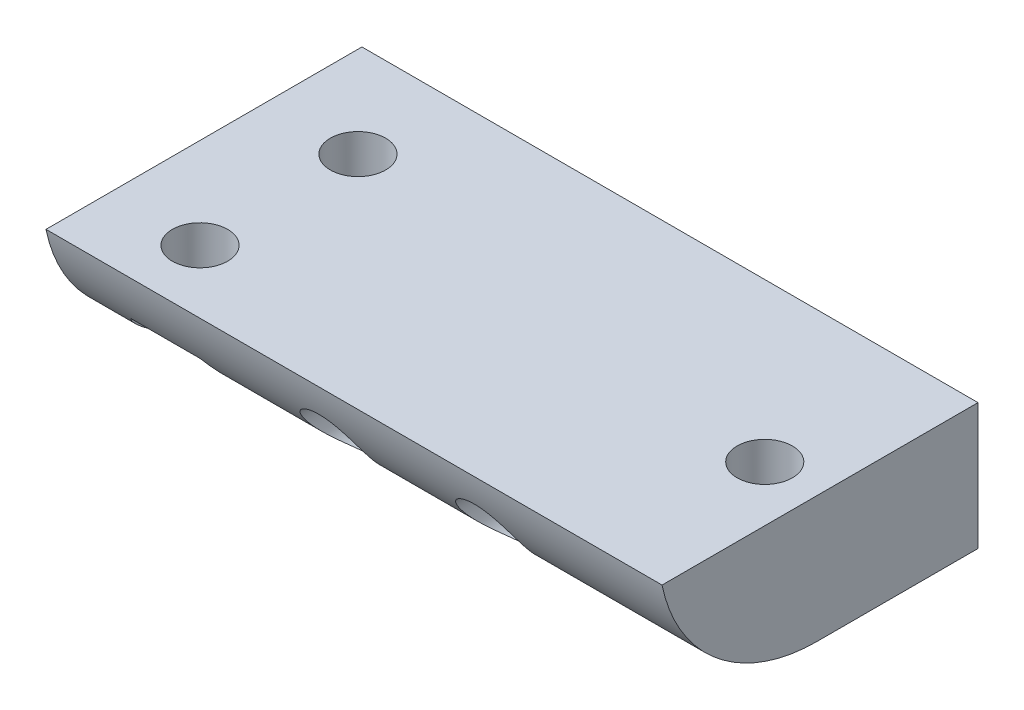
ISO-10303-21;
HEADER;
FILE_DESCRIPTION(('STEP AP214'),'2;1');
FILE_NAME('part.step','',(''),(''),'','','');
FILE_SCHEMA(('AUTOMOTIVE_DESIGN { 1 0 10303 214 1 1 1 1 }'));
ENDSEC;
DATA;
#1=APPLICATION_CONTEXT('core data for automotive mechanical design processes');
#2=APPLICATION_PROTOCOL_DEFINITION('international standard','automotive_design',2000,#1);
#3=PRODUCT_CONTEXT('',#1,'mechanical');
#4=PRODUCT('Part','Part','',(#3));
#5=PRODUCT_RELATED_PRODUCT_CATEGORY('part','',(#4));
#6=PRODUCT_DEFINITION_FORMATION('','',#4);
#7=PRODUCT_DEFINITION_CONTEXT('part definition',#1,'design');
#8=PRODUCT_DEFINITION('design','',#6,#7);
#9=PRODUCT_DEFINITION_SHAPE('','',#8);
#10=(LENGTH_UNIT() NAMED_UNIT(*) SI_UNIT(.MILLI.,.METRE.));
#11=(NAMED_UNIT(*) PLANE_ANGLE_UNIT() SI_UNIT($,.RADIAN.));
#12=(NAMED_UNIT(*) SI_UNIT($,.STERADIAN.) SOLID_ANGLE_UNIT());
#13=UNCERTAINTY_MEASURE_WITH_UNIT(LENGTH_MEASURE(1.E-05),#10,'distance_accuracy_value','');
#14=(GEOMETRIC_REPRESENTATION_CONTEXT(3) GLOBAL_UNCERTAINTY_ASSIGNED_CONTEXT((#13)) GLOBAL_UNIT_ASSIGNED_CONTEXT((#10,
#11,#12)) REPRESENTATION_CONTEXT('',''));
#15=CARTESIAN_POINT('',(0.,0.,0.));
#16=DIRECTION('',(0.,0.,1.));
#17=DIRECTION('',(1.,0.,0.));
#18=AXIS2_PLACEMENT_3D('',#15,#16,#17);
#19=CARTESIAN_POINT('',(-0.885282092778937,3.79686795239579,56.));
#20=DIRECTION('',(0.,1.,0.));
#21=DIRECTION('',(0.,0.,-1.));
#22=AXIS2_PLACEMENT_3D('',#19,#20,#21);
#23=CYLINDRICAL_SURFACE('',#22,1.75);
#24=CARTESIAN_POINT('',(-0.885282092778937,11.7978679523958,56.));
#25=DIRECTION('',(0.,-1.,0.));
#26=DIRECTION('',(0.,0.,-1.));
#27=AXIS2_PLACEMENT_3D('',#24,#25,#26);
#28=CIRCLE('',#27,1.75);
#29=CARTESIAN_POINT('',(-0.885282092778937,11.7978679523958,54.25));
#30=VERTEX_POINT('',#29);
#31=EDGE_CURVE('E216',#30,#30,#28,.T.);
#32=ORIENTED_EDGE('',*,*,#31,.F.);
#33=EDGE_LOOP('',(#32));
#34=FACE_BOUND('',#33,.T.);
#35=CARTESIAN_POINT('',(-0.885282092778937,7.79786795239579,56.));
#36=DIRECTION('',(0.,1.,0.));
#37=DIRECTION('',(0.,0.,1.));
#38=AXIS2_PLACEMENT_3D('',#35,#36,#37);
#39=CIRCLE('',#38,1.75);
#40=CARTESIAN_POINT('',(-0.885282092778937,7.79786795239579,57.75));
#41=VERTEX_POINT('',#40);
#42=EDGE_CURVE('E210',#41,#41,#39,.F.);
#43=ORIENTED_EDGE('',*,*,#42,.T.);
#44=EDGE_LOOP('',(#43));
#45=FACE_BOUND('',#44,.T.);
#46=ADVANCED_FACE('F39',(#34,#45),#23,.F.);
#47=CARTESIAN_POINT('',(-0.885282092778937,3.79686795239579,46.));
#48=DIRECTION('',(0.,1.,0.));
#49=DIRECTION('',(0.,0.,-1.));
#50=AXIS2_PLACEMENT_3D('',#47,#48,#49);
#51=CYLINDRICAL_SURFACE('',#50,1.75);
#52=CARTESIAN_POINT('',(-0.885282092778937,11.7978679523958,46.));
#53=DIRECTION('',(0.,-1.,0.));
#54=DIRECTION('',(0.,0.,-1.));
#55=AXIS2_PLACEMENT_3D('',#52,#53,#54);
#56=CIRCLE('',#55,1.75);
#57=CARTESIAN_POINT('',(-0.885282092778937,11.7978679523958,44.25));
#58=VERTEX_POINT('',#57);
#59=EDGE_CURVE('E231',#58,#58,#56,.T.);
#60=ORIENTED_EDGE('',*,*,#59,.F.);
#61=EDGE_LOOP('',(#60));
#62=FACE_BOUND('',#61,.T.);
#63=CARTESIAN_POINT('',(-0.885282092778937,7.79786795239579,46.));
#64=DIRECTION('',(0.,1.,0.));
#65=DIRECTION('',(0.,0.,1.));
#66=AXIS2_PLACEMENT_3D('',#63,#64,#65);
#67=CIRCLE('',#66,1.75);
#68=CARTESIAN_POINT('',(-0.885282092778937,7.79786795239579,47.75));
#69=VERTEX_POINT('',#68);
#70=EDGE_CURVE('E44',#69,#69,#67,.F.);
#71=ORIENTED_EDGE('',*,*,#70,.T.);
#72=EDGE_LOOP('',(#71));
#73=FACE_BOUND('',#72,.T.);
#74=ADVANCED_FACE('F175',(#62,#73),#51,.F.);
#75=CARTESIAN_POINT('',(28.8647179072211,3.79686795239579,50.));
#76=DIRECTION('',(0.,1.,0.));
#77=DIRECTION('',(0.,0.,-1.));
#78=AXIS2_PLACEMENT_3D('',#75,#76,#77);
#79=CYLINDRICAL_SURFACE('',#78,1.75);
#80=CARTESIAN_POINT('',(28.8647179072211,11.7978679523958,50.));
#81=DIRECTION('',(0.,-1.,0.));
#82=DIRECTION('',(0.,0.,-1.));
#83=AXIS2_PLACEMENT_3D('',#80,#81,#82);
#84=CIRCLE('',#83,1.75);
#85=CARTESIAN_POINT('',(28.8647179072211,11.7978679523958,48.25));
#86=VERTEX_POINT('',#85);
#87=EDGE_CURVE('E227',#86,#86,#84,.T.);
#88=ORIENTED_EDGE('',*,*,#87,.F.);
#89=EDGE_LOOP('',(#88));
#90=FACE_BOUND('',#89,.T.);
#91=CARTESIAN_POINT('',(28.8647179072211,7.79786795239579,50.));
#92=DIRECTION('',(0.,1.,0.));
#93=DIRECTION('',(0.,0.,1.));
#94=AXIS2_PLACEMENT_3D('',#91,#92,#93);
#95=CIRCLE('',#94,1.75);
#96=CARTESIAN_POINT('',(28.8647179072211,7.79786795239579,51.75));
#97=VERTEX_POINT('',#96);
#98=EDGE_CURVE('E207',#97,#97,#95,.F.);
#99=ORIENTED_EDGE('',*,*,#98,.T.);
#100=EDGE_LOOP('',(#99));
#101=FACE_BOUND('',#100,.T.);
#102=ADVANCED_FACE('F159',(#90,#101),#79,.F.);
#103=CARTESIAN_POINT('',(0.,0.,40.));
#104=DIRECTION('',(0.,0.,-1.));
#105=DIRECTION('',(1.,0.,0.));
#106=AXIS2_PLACEMENT_3D('',#103,#104,#105);
#107=PLANE('',#106);
#108=CARTESIAN_POINT('',(9.88971790722106,7.54786795239579,40.));
#109=DIRECTION('',(0.,0.,1.));
#110=DIRECTION('',(1.,0.,0.));
#111=AXIS2_PLACEMENT_3D('',#108,#109,#110);
#112=CIRCLE('',#111,2.);
#113=CARTESIAN_POINT('',(11.8897179072211,7.54786795239579,40.));
#114=VERTEX_POINT('',#113);
#115=EDGE_CURVE('E139',#114,#114,#112,.T.);
#116=ORIENTED_EDGE('',*,*,#115,.T.);
#117=EDGE_LOOP('',(#116));
#118=FACE_BOUND('',#117,.T.);
#119=DIRECTION('',(0.,-1.,0.));
#120=VECTOR('',#119,1.);
#121=CARTESIAN_POINT('',(-6.63528209277894,11.7978679523958,40.));
#122=LINE('',#121,#120);
#123=CARTESIAN_POINT('',(-6.63528209277894,11.7978679523958,40.));
#124=VERTEX_POINT('',#123);
#125=CARTESIAN_POINT('',(-6.63528209277894,3.79786795239579,40.));
#126=VERTEX_POINT('',#125);
#127=EDGE_CURVE('E245',#124,#126,#122,.T.);
#128=ORIENTED_EDGE('',*,*,#127,.F.);
#129=DIRECTION('',(-1.,0.,0.));
#130=VECTOR('',#129,1.);
#131=CARTESIAN_POINT('',(-6.63528209277894,11.7978679523958,40.));
#132=LINE('',#131,#130);
#133=CARTESIAN_POINT('',(32.3647179072211,11.7978679523958,40.));
#134=VERTEX_POINT('',#133);
#135=EDGE_CURVE('E256',#134,#124,#132,.T.);
#136=ORIENTED_EDGE('',*,*,#135,.F.);
#137=DIRECTION('',(0.,1.,0.));
#138=VECTOR('',#137,1.);
#139=CARTESIAN_POINT('',(32.3647179072211,11.7978679523958,40.));
#140=LINE('',#139,#138);
#141=CARTESIAN_POINT('',(32.3647179072211,3.79786795239579,40.));
#142=VERTEX_POINT('',#141);
#143=EDGE_CURVE('E252',#142,#134,#140,.T.);
#144=ORIENTED_EDGE('',*,*,#143,.F.);
#145=DIRECTION('',(1.,0.,0.));
#146=VECTOR('',#145,1.);
#147=CARTESIAN_POINT('',(-6.63528209277894,3.79786795239579,40.));
#148=LINE('',#147,#146);
#149=EDGE_CURVE('E249',#126,#142,#148,.T.);
#150=ORIENTED_EDGE('',*,*,#149,.F.);
#151=EDGE_LOOP('',(#128,#136,#144,#150));
#152=FACE_BOUND('',#151,.T.);
#153=CARTESIAN_POINT('',(19.7397179072211,7.54786795239579,40.));
#154=DIRECTION('',(0.,0.,1.));
#155=DIRECTION('',(1.,0.,0.));
#156=AXIS2_PLACEMENT_3D('',#153,#154,#155);
#157=CIRCLE('',#156,2.);
#158=CARTESIAN_POINT('',(21.7397179072211,7.54786795239579,40.));
#159=VERTEX_POINT('',#158);
#160=EDGE_CURVE('E140',#159,#159,#157,.T.);
#161=ORIENTED_EDGE('',*,*,#160,.T.);
#162=EDGE_LOOP('',(#161));
#163=FACE_BOUND('',#162,.T.);
#164=ADVANCED_FACE('F155',(#118,#152,#163),#107,.T.);
#165=CARTESIAN_POINT('',(-6.63528209277894,11.7978679523958,40.));
#166=DIRECTION('',(1.,0.,0.));
#167=DIRECTION('',(0.,1.,0.));
#168=AXIS2_PLACEMENT_3D('',#165,#166,#167);
#169=PLANE('',#168);
#170=DIRECTION('',(0.,0.,1.));
#171=VECTOR('',#170,1.);
#172=CARTESIAN_POINT('',(-6.63528209277894,11.7978679523958,40.));
#173=LINE('',#172,#171);
#174=CARTESIAN_POINT('',(-6.63528209277894,11.7978679523958,60.));
#175=VERTEX_POINT('',#174);
#176=EDGE_CURVE('E260',#124,#175,#173,.T.);
#177=ORIENTED_EDGE('',*,*,#176,.F.);
#178=ORIENTED_EDGE('',*,*,#127,.T.);
#179=DIRECTION('',(0.,0.,1.));
#180=VECTOR('',#179,1.);
#181=CARTESIAN_POINT('',(-6.63528209277894,3.79786795239579,40.));
#182=LINE('',#181,#180);
#183=CARTESIAN_POINT('',(-6.63528209277894,3.79786795239579,50.2020410288673));
#184=VERTEX_POINT('',#183);
#185=EDGE_CURVE('E117',#126,#184,#182,.T.);
#186=ORIENTED_EDGE('',*,*,#185,.T.);
#187=CARTESIAN_POINT('',(-6.63528209277894,13.7978679523958,50.2020410288673));
#188=DIRECTION('',(-1.,0.,0.));
#189=DIRECTION('',(0.,1.,0.));
#190=AXIS2_PLACEMENT_3D('',#187,#188,#189);
#191=CIRCLE('',#190,10.);
#192=EDGE_CURVE('E104',#175,#184,#191,.F.);
#193=ORIENTED_EDGE('',*,*,#192,.F.);
#194=EDGE_LOOP('',(#177,#178,#186,#193));
#195=FACE_BOUND('',#194,.T.);
#196=ADVANCED_FACE('F158',(#195),#169,.F.);
#197=CARTESIAN_POINT('',(-6.63528209277894,3.79786795239579,40.));
#198=DIRECTION('',(0.,1.,0.));
#199=DIRECTION('',(0.,0.,-1.));
#200=AXIS2_PLACEMENT_3D('',#197,#198,#199);
#201=PLANE('',#200);
#202=CARTESIAN_POINT('',(-0.885282092778937,3.79786795239579,46.));
#203=DIRECTION('',(0.,1.,0.));
#204=DIRECTION('',(0.,0.,1.));
#205=AXIS2_PLACEMENT_3D('',#202,#203,#204);
#206=CIRCLE('',#205,3.1);
#207=CARTESIAN_POINT('',(-0.885282092778937,3.79786795239579,49.1));
#208=VERTEX_POINT('',#207);
#209=EDGE_CURVE('E223',#208,#208,#206,.T.);
#210=ORIENTED_EDGE('',*,*,#209,.T.);
#211=EDGE_LOOP('',(#210));
#212=FACE_BOUND('',#211,.T.);
#213=DIRECTION('',(1.,0.,0.));
#214=VECTOR('',#213,1.);
#215=CARTESIAN_POINT('',(-6.63528209277894,3.79786795239579,50.2020410288673));
#216=LINE('',#215,#214);
#217=CARTESIAN_POINT('',(25.771308877905,3.79786795239579,50.2020410288673));
#218=VERTEX_POINT('',#217);
#219=EDGE_CURVE('E102',#184,#218,#216,.T.);
#220=ORIENTED_EDGE('',*,*,#219,.F.);
#221=ORIENTED_EDGE('',*,*,#185,.F.);
#222=ORIENTED_EDGE('',*,*,#149,.T.);
#223=DIRECTION('',(0.,0.,1.));
#224=VECTOR('',#223,1.);
#225=CARTESIAN_POINT('',(32.3647179072211,3.79786795239579,40.));
#226=LINE('',#225,#224);
#227=CARTESIAN_POINT('',(32.3647179072211,3.79786795239579,50.2020410288673));
#228=VERTEX_POINT('',#227);
#229=EDGE_CURVE('E115',#142,#228,#226,.T.);
#230=ORIENTED_EDGE('',*,*,#229,.T.);
#231=DIRECTION('',(1.,0.,0.));
#232=VECTOR('',#231,1.);
#233=CARTESIAN_POINT('',(-6.63528209277894,3.79786795239579,50.2020410288673));
#234=LINE('',#233,#232);
#235=CARTESIAN_POINT('',(31.9581269365371,3.79786795239579,50.2020410288673));
#236=VERTEX_POINT('',#235);
#237=EDGE_CURVE('E99',#236,#228,#234,.T.);
#238=ORIENTED_EDGE('',*,*,#237,.F.);
#239=CARTESIAN_POINT('',(28.8647179072211,3.79786795239579,50.));
#240=DIRECTION('',(0.,1.,0.));
#241=DIRECTION('',(0.,0.,1.));
#242=AXIS2_PLACEMENT_3D('',#239,#240,#241);
#243=CIRCLE('',#242,3.1);
#244=EDGE_CURVE('E106',#236,#218,#243,.T.);
#245=ORIENTED_EDGE('',*,*,#244,.T.);
#246=EDGE_LOOP('',(#220,#221,#222,#230,#238,#245));
#247=FACE_BOUND('',#246,.T.);
#248=ADVANCED_FACE('F113',(#212,#247),#201,.F.);
#249=CARTESIAN_POINT('',(32.3647179072211,11.7978679523958,40.));
#250=DIRECTION('',(-1.,0.,0.));
#251=DIRECTION('',(0.,0.,-1.));
#252=AXIS2_PLACEMENT_3D('',#249,#250,#251);
#253=PLANE('',#252);
#254=ORIENTED_EDGE('',*,*,#229,.F.);
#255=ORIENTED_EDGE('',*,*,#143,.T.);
══════
Task objective ▸ Everything from the line containing "#18=AXIS2_PLACEMENT_3D('',#15,#16,#17);" through the line containing "#54=DIRECTION('',(0.,0.,-1.));" in the material above should be retyped exactly, both ends included, and nothing more.

Solution for this problem ▸
#18=AXIS2_PLACEMENT_3D('',#15,#16,#17);
#19=CARTESIAN_POINT('',(-0.885282092778937,3.79686795239579,56.));
#20=DIRECTION('',(0.,1.,0.));
#21=DIRECTION('',(0.,0.,-1.));
#22=AXIS2_PLACEMENT_3D('',#19,#20,#21);
#23=CYLINDRICAL_SURFACE('',#22,1.75);
#24=CARTESIAN_POINT('',(-0.885282092778937,11.7978679523958,56.));
#25=DIRECTION('',(0.,-1.,0.));
#26=DIRECTION('',(0.,0.,-1.));
#27=AXIS2_PLACEMENT_3D('',#24,#25,#26);
#28=CIRCLE('',#27,1.75);
#29=CARTESIAN_POINT('',(-0.885282092778937,11.7978679523958,54.25));
#30=VERTEX_POINT('',#29);
#31=EDGE_CURVE('E216',#30,#30,#28,.T.);
#32=ORIENTED_EDGE('',*,*,#31,.F.);
#33=EDGE_LOOP('',(#32));
#34=FACE_BOUND('',#33,.T.);
#35=CARTESIAN_POINT('',(-0.885282092778937,7.79786795239579,56.));
#36=DIRECTION('',(0.,1.,0.));
#37=DIRECTION('',(0.,0.,1.));
#38=AXIS2_PLACEMENT_3D('',#35,#36,#37);
#39=CIRCLE('',#38,1.75);
#40=CARTESIAN_POINT('',(-0.885282092778937,7.79786795239579,57.75));
#41=VERTEX_POINT('',#40);
#42=EDGE_CURVE('E210',#41,#41,#39,.F.);
#43=ORIENTED_EDGE('',*,*,#42,.T.);
#44=EDGE_LOOP('',(#43));
#45=FACE_BOUND('',#44,.T.);
#46=ADVANCED_FACE('F39',(#34,#45),#23,.F.);
#47=CARTESIAN_POINT('',(-0.885282092778937,3.79686795239579,46.));
#48=DIRECTION('',(0.,1.,0.));
#49=DIRECTION('',(0.,0.,-1.));
#50=AXIS2_PLACEMENT_3D('',#47,#48,#49);
#51=CYLINDRICAL_SURFACE('',#50,1.75);
#52=CARTESIAN_POINT('',(-0.885282092778937,11.7978679523958,46.));
#53=DIRECTION('',(0.,-1.,0.));
#54=DIRECTION('',(0.,0.,-1.));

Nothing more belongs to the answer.